Wholly-WOOD: Wholly Leveraging Diversified-quality Labels for Weakly-supervised Oriented Object Detection
This work addresses the problem of efficient oriented object detection for applications such as remote sensing, where labor-intensive annotation is a significant bottleneck.
The authors tackled the problem of oriented object detection by developing a weakly-supervised framework that can leverage various labeling forms, achieving performance close to that of fully supervised models, with a significant reduction in annotation efforts. By using only horizontal boxes for training, Wholly-WOOD achieves results comparable to those obtained with rotated boxes.
Accurately estimating the orientation of visual objects with compact rotated bounding boxes (RBoxes) has become a prominent demand, which challenges existing object detection paradigms that only use horizontal bounding boxes (HBoxes). To equip the detectors with orientation awareness, supervised regression/classification modules have been introduced at the high cost of rotation annotation.

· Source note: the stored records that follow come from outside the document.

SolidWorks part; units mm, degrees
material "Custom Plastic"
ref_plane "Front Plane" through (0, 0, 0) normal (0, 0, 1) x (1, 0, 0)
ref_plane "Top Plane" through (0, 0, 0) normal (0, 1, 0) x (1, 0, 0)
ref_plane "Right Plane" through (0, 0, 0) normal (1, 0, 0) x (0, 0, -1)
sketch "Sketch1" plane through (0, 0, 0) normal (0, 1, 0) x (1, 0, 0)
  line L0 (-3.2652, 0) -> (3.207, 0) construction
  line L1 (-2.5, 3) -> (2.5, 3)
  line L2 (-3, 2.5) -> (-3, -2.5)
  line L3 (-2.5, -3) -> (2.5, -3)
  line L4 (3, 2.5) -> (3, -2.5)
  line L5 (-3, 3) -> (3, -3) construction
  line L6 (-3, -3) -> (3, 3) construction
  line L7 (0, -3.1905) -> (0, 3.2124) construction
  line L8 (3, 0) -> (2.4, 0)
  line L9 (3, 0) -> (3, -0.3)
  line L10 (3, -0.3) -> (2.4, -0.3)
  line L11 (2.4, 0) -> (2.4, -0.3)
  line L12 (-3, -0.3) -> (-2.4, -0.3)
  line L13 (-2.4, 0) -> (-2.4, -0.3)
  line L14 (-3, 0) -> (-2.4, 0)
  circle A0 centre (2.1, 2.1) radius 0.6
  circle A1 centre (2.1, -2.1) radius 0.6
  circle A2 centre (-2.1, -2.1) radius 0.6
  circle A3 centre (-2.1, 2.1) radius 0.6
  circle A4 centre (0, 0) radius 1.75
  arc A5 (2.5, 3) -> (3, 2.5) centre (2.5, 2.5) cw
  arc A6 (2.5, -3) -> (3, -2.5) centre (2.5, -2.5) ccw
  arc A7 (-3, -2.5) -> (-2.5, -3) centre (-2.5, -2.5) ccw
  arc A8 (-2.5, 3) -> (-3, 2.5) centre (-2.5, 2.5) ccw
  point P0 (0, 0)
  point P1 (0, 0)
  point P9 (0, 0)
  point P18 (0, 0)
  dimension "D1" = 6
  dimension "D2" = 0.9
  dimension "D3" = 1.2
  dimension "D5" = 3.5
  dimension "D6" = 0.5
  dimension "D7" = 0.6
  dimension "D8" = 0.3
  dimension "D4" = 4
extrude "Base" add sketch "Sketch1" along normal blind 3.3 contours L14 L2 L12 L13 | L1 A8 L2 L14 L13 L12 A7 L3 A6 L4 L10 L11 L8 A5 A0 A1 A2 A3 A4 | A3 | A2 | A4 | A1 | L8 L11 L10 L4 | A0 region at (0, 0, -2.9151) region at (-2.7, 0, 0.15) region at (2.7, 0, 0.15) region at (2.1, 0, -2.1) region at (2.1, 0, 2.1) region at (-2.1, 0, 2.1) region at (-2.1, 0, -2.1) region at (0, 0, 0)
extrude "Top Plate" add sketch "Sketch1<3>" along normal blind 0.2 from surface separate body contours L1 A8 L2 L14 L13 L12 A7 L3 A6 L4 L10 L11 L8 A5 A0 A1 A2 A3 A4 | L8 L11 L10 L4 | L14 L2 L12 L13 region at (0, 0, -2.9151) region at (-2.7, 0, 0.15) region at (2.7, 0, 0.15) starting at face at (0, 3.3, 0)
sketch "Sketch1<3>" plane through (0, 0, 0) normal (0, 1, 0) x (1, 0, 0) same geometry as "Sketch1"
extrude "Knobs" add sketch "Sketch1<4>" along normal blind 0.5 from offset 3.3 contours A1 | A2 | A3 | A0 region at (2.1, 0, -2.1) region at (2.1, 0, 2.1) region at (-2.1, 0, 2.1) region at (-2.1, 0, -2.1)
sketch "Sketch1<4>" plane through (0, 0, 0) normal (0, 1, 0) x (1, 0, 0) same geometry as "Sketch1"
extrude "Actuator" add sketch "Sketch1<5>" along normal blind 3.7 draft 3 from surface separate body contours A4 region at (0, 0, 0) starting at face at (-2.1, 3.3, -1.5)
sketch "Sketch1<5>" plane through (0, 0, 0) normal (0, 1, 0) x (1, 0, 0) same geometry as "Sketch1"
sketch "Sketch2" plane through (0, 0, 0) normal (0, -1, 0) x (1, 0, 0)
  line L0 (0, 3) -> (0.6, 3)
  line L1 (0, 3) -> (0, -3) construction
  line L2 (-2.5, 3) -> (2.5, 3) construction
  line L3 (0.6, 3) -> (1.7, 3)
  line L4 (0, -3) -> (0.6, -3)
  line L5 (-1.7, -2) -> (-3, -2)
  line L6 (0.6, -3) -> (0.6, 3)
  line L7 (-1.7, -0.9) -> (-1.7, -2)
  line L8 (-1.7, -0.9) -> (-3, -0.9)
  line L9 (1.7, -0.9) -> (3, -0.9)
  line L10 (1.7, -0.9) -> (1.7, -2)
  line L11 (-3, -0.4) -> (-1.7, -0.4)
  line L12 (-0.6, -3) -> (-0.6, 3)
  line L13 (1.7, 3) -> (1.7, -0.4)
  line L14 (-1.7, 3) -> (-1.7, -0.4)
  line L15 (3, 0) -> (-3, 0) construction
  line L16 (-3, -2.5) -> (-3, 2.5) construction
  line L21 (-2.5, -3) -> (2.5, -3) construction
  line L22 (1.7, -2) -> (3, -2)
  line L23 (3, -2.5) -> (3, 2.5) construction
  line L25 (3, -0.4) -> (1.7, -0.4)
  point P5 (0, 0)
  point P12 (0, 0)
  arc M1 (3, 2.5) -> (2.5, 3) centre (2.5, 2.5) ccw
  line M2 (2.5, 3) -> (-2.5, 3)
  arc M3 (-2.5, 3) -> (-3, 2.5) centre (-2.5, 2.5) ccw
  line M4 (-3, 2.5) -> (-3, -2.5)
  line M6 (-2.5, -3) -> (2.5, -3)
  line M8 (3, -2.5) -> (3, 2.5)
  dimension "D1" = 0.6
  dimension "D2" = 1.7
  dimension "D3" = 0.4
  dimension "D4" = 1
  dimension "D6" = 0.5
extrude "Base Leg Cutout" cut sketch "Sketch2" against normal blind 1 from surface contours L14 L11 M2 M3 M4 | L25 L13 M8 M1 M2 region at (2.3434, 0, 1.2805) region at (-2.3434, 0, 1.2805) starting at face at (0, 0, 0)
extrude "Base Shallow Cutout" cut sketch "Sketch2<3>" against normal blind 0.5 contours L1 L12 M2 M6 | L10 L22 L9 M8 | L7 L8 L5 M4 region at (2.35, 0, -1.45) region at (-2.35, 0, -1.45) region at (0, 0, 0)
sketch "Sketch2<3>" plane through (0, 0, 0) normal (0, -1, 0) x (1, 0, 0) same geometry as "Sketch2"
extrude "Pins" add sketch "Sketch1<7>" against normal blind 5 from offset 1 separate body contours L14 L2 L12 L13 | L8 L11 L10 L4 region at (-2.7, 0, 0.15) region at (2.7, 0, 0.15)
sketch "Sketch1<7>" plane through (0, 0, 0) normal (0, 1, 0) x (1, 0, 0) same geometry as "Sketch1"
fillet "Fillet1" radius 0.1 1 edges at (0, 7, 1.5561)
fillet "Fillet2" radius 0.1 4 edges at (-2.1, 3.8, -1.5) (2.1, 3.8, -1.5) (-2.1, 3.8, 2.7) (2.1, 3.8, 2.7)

Meanwhile, some existing datasets with oriented objects are already annotated with horizontal boxes or even single points. It becomes attractive yet remains open for effectively utilizing weaker single point and horizontal annotations to train an oriented object detector (OOD). We develop Wholly-WOOD, a weakly-supervised OOD framework, capable of wholly leveraging various labeling forms (Points, HBoxes, RBoxes, and their combination) in a unified fashion. By only using HBox for training, our Wholly-WOOD achieves performance very close to that of the RBox-trained counterpart on remote sensing and other areas, significantly reducing the tedious efforts on labor-intensive annotation for oriented objects. The source codes are available at https://github.com/VisionXLab/whollywood (PyTorch-based) and https://github.com/VisionXLab/whollywood-jittor (Jittor-based).